Suljic’s father managed to escape and, after seven days of trekking through the forest, crossing Serbian lines and surviving shootings and ambushes amid famine, Suljic’s father was among a small minority of Bosnians who made him alive.

A couple of years ago, Suljic’s family received a phone call informing them that their uncles ’bodies had been found in different mass graves.

Some of the remains of his father’s brother, Vahdet Suljic, 28 at the time, were later found in three different mass graves, at a distance of 30 km. They have already buried some of his remains twice, but more than half of his remains are still missing.

In just three days, Serbian forces killed more than half of the family, including uncles, cousins ​​and other relatives, Suljic said.

Denial of genocide

Several thousand Serbs and Bosnians continue to live in the poor town of Srebrenica. Suljic described it as a “dead city” today, with no prospects. He now lives in the state of Qatar, in the Gulf.

Although 26 years have passed since the genocide, the survivors are still fighting the widespread Serbian denial of historical facts that have been confirmed on numerous occasions by international courts in The Hague.

Posters and graffiti glorifying Ratko Mladic, the general who led the Bosnian Serb forces and was convicted genocide, are regularly found in the Serb-populated areas of Bosnia, as well as in neighboring Serbia and Montenegro.

Before the 26th anniversary of the genocide, Bosnian media reported on Friday that Serbian war celebrations were being held in the back garden of a church above the memorial center, with music sounding provocatively.

Srebrenica’s latest genocide denial report (PDF) published on Friday by the Srebrenica Memorial Center identified at least 234 cases of denial of genocide in regional public speeches and media over the past year, most of which occurred in Serbia.

The report found that most of the deniers of the Srebrenica genocide work in the public sector, including 28 currently holding positions in state governments and entities. Alarmingly, many of them were active in Serbian political and military apparatuses during the Bosnian war.
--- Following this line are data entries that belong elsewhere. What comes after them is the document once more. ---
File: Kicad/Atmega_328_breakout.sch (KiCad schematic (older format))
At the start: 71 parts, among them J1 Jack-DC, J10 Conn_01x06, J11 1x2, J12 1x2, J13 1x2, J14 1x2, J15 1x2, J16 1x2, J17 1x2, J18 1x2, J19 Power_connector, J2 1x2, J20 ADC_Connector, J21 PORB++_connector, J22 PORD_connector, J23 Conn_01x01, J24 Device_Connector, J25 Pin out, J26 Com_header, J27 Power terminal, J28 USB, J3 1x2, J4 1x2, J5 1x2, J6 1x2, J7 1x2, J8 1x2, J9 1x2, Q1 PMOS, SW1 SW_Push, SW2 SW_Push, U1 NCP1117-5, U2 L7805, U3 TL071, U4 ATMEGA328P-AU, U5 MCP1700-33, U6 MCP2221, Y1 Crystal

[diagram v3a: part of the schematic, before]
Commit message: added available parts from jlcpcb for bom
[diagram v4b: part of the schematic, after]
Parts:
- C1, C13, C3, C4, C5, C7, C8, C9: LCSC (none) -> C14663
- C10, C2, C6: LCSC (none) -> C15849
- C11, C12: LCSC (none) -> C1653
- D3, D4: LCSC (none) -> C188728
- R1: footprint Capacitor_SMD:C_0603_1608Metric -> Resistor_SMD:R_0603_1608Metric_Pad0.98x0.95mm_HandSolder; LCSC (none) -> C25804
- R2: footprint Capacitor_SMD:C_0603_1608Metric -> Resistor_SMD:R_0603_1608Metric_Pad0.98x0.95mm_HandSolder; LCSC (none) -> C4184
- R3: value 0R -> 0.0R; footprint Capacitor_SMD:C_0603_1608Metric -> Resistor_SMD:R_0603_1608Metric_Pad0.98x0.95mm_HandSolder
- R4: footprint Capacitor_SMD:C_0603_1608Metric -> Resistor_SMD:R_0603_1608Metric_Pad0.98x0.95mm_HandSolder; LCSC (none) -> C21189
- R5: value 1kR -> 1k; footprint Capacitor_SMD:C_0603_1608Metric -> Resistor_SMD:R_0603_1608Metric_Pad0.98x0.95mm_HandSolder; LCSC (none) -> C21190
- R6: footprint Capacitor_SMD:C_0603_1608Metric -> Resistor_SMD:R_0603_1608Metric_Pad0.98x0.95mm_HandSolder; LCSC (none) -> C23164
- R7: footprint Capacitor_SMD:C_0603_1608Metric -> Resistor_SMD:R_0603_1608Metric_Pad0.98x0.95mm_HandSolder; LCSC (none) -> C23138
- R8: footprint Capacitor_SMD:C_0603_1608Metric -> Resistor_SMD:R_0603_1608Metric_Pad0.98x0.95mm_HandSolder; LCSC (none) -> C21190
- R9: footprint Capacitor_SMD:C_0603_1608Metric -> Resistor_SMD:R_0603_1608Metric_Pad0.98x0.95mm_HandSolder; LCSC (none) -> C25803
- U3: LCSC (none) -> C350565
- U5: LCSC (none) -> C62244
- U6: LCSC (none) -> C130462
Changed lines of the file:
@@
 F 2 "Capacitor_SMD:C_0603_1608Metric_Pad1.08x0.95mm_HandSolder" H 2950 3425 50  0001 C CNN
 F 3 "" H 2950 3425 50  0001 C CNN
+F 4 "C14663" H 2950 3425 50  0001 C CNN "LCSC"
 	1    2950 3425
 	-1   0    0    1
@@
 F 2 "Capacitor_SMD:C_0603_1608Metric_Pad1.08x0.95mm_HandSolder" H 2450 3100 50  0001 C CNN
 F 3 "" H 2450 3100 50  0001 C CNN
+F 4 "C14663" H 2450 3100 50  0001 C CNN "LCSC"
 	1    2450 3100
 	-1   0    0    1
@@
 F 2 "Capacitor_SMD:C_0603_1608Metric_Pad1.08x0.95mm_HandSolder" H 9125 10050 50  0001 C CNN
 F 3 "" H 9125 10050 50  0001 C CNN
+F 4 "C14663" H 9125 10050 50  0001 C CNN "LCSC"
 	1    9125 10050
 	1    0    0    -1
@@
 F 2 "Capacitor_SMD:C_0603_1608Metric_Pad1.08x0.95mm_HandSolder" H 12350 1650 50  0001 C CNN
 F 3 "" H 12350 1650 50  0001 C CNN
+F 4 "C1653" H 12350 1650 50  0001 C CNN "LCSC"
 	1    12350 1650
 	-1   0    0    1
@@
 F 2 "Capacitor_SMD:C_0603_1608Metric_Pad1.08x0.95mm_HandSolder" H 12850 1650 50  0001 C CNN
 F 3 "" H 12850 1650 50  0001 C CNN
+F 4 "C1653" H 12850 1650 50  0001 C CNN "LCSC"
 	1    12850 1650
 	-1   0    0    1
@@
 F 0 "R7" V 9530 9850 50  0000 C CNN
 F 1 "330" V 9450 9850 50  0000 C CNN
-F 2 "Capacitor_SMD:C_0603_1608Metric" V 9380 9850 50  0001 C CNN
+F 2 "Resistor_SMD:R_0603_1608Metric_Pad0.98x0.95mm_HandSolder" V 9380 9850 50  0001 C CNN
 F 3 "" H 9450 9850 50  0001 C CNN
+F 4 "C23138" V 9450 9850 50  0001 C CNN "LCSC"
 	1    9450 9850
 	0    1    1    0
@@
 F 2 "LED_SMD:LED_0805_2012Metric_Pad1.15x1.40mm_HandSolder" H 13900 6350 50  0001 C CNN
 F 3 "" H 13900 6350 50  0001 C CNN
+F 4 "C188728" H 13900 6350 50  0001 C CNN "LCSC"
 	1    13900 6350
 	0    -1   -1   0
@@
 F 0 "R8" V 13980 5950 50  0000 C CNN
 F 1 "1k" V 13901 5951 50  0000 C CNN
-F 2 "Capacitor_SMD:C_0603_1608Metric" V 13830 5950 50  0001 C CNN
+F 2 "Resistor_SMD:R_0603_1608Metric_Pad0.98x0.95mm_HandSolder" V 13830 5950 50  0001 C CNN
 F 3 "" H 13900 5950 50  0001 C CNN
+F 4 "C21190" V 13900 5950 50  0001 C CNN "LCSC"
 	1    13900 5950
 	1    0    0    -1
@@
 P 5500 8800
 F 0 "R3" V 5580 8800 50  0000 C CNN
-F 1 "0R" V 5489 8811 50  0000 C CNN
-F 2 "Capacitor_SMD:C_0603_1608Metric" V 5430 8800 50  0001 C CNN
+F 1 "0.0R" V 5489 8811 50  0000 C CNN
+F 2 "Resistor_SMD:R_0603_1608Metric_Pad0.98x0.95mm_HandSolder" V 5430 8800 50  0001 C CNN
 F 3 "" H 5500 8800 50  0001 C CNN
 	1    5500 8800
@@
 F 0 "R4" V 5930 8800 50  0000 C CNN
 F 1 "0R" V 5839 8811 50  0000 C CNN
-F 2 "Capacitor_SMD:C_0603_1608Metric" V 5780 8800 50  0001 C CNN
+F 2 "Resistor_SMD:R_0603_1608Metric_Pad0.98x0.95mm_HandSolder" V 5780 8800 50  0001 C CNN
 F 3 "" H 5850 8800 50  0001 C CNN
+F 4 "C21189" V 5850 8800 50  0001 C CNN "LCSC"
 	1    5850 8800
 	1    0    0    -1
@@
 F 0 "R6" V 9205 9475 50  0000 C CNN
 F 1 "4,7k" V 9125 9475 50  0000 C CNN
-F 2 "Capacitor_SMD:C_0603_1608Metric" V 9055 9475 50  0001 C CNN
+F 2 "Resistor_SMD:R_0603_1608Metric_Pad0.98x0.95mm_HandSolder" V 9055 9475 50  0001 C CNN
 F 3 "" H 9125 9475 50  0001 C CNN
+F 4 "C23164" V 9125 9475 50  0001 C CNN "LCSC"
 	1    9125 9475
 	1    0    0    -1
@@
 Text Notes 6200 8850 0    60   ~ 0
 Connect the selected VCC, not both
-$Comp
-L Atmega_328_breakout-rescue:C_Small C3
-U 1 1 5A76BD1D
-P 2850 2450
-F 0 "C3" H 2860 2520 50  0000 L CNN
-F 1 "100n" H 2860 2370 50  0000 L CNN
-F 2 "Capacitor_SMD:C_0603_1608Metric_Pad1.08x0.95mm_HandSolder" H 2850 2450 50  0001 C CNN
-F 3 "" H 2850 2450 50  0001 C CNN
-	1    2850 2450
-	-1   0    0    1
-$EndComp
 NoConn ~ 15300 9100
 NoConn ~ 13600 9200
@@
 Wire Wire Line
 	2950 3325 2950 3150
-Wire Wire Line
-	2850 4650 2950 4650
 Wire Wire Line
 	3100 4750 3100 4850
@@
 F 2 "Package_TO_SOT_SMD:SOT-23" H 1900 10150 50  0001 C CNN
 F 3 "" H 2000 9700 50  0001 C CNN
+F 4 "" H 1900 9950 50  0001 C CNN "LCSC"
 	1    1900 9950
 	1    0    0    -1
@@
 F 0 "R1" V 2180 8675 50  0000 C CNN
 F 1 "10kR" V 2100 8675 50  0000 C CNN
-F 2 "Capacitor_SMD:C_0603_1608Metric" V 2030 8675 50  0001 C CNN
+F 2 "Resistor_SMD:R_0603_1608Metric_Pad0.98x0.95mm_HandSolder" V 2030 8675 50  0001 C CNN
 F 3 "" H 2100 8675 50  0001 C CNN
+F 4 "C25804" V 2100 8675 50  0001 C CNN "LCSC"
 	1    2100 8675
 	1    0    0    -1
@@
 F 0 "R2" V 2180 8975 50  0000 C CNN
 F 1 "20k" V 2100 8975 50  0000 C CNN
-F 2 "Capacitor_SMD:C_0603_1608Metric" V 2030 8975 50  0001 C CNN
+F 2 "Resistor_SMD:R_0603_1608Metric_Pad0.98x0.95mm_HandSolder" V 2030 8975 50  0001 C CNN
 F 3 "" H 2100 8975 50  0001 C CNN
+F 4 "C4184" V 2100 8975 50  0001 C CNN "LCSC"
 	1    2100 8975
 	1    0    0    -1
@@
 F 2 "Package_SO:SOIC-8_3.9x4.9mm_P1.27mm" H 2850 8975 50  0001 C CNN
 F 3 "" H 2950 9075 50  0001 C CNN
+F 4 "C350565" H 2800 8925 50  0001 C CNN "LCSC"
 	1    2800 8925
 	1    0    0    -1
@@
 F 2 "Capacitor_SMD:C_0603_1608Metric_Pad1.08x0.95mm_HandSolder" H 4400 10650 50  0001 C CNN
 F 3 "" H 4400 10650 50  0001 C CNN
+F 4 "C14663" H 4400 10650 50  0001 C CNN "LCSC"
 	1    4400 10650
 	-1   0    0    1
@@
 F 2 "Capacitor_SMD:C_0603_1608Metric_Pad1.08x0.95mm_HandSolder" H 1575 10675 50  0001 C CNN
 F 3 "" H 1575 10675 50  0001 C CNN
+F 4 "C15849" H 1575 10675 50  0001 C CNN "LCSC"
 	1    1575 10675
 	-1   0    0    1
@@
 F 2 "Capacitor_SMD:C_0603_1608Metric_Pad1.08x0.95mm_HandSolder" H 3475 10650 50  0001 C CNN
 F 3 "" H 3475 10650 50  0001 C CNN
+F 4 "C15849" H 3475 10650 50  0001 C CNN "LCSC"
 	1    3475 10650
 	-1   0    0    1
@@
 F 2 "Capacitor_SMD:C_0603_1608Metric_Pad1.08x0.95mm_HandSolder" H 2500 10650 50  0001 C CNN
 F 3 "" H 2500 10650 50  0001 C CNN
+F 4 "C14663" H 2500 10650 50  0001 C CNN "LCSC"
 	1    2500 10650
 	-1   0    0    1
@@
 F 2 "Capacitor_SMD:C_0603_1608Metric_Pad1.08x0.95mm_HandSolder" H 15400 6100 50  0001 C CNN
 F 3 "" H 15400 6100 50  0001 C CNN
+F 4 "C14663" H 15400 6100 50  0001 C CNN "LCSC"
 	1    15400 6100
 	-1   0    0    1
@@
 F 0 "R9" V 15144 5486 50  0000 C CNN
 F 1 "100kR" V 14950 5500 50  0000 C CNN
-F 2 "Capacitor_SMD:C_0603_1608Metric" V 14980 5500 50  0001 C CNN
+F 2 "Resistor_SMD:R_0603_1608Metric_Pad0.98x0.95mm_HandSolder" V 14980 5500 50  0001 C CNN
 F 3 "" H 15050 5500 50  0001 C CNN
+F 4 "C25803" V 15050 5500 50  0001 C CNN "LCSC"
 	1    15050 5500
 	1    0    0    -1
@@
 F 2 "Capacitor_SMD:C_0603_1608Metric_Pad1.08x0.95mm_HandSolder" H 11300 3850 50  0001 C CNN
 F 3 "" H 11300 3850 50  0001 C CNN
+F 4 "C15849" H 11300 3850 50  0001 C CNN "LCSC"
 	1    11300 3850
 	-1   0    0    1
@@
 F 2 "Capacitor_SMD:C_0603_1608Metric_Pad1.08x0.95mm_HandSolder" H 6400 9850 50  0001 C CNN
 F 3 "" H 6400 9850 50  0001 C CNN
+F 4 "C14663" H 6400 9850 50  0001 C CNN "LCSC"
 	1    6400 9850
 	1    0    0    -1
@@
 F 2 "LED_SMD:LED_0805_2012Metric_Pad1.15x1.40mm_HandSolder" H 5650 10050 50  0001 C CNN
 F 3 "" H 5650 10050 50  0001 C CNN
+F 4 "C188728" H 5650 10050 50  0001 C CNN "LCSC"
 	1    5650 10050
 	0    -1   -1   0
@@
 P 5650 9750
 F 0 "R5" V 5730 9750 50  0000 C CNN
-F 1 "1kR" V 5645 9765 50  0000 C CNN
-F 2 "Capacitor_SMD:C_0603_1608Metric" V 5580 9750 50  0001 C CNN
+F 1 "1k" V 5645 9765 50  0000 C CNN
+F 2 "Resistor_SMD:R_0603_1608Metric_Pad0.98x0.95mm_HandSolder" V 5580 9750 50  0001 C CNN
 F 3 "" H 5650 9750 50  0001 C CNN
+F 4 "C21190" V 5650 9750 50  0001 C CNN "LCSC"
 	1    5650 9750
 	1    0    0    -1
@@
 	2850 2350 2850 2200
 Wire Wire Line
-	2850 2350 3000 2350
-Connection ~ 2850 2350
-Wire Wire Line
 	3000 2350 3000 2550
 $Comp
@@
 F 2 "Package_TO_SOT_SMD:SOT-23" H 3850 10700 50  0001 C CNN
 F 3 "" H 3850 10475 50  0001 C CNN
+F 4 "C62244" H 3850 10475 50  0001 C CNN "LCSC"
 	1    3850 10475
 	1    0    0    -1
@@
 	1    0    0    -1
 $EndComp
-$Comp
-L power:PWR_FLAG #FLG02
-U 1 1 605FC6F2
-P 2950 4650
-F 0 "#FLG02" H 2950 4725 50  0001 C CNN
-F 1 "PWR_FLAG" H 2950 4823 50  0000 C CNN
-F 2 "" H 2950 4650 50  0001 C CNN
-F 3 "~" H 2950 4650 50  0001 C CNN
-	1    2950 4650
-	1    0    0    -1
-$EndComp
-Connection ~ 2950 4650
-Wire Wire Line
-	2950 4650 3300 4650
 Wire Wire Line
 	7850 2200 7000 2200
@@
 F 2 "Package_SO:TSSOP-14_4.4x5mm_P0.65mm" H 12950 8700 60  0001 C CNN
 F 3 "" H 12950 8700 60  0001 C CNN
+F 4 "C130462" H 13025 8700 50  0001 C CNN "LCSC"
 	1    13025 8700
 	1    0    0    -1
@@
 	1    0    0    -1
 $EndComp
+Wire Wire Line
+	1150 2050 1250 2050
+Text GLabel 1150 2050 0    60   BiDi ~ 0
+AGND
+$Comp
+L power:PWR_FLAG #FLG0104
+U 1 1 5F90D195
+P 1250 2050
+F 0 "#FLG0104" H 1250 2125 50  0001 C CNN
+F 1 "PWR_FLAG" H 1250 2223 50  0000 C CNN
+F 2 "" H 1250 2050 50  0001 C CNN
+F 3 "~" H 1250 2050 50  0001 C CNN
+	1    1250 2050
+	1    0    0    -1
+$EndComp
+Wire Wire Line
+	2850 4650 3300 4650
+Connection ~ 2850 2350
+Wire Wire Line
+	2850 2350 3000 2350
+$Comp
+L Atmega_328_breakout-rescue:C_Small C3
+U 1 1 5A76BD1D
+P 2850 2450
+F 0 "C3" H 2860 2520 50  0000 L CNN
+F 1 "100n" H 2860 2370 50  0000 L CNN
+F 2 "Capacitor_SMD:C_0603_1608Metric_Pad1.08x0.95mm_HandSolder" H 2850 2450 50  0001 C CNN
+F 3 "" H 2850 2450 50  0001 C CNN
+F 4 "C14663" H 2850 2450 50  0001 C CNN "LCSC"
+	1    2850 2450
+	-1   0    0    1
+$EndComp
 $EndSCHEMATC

Lejla Gacanica, editor of the report, said at a news conference on Friday that narratives denying genocide and glorifying war criminals have intensified over the past year and that denial in the region is part of the ‘strategy of the Serbian state.

According to the American genocide scholar Gregory H Stanton, who coined the “10 stages of genocide“Theory, denial is ‘one of the surest indicators of new genocidal killings.’

Suljic said the still-burning tensions and denial of genocide pose serious risks for the future.

“If the situation continues like this, I think Srebrenica [another genocide] it will happen to us again “.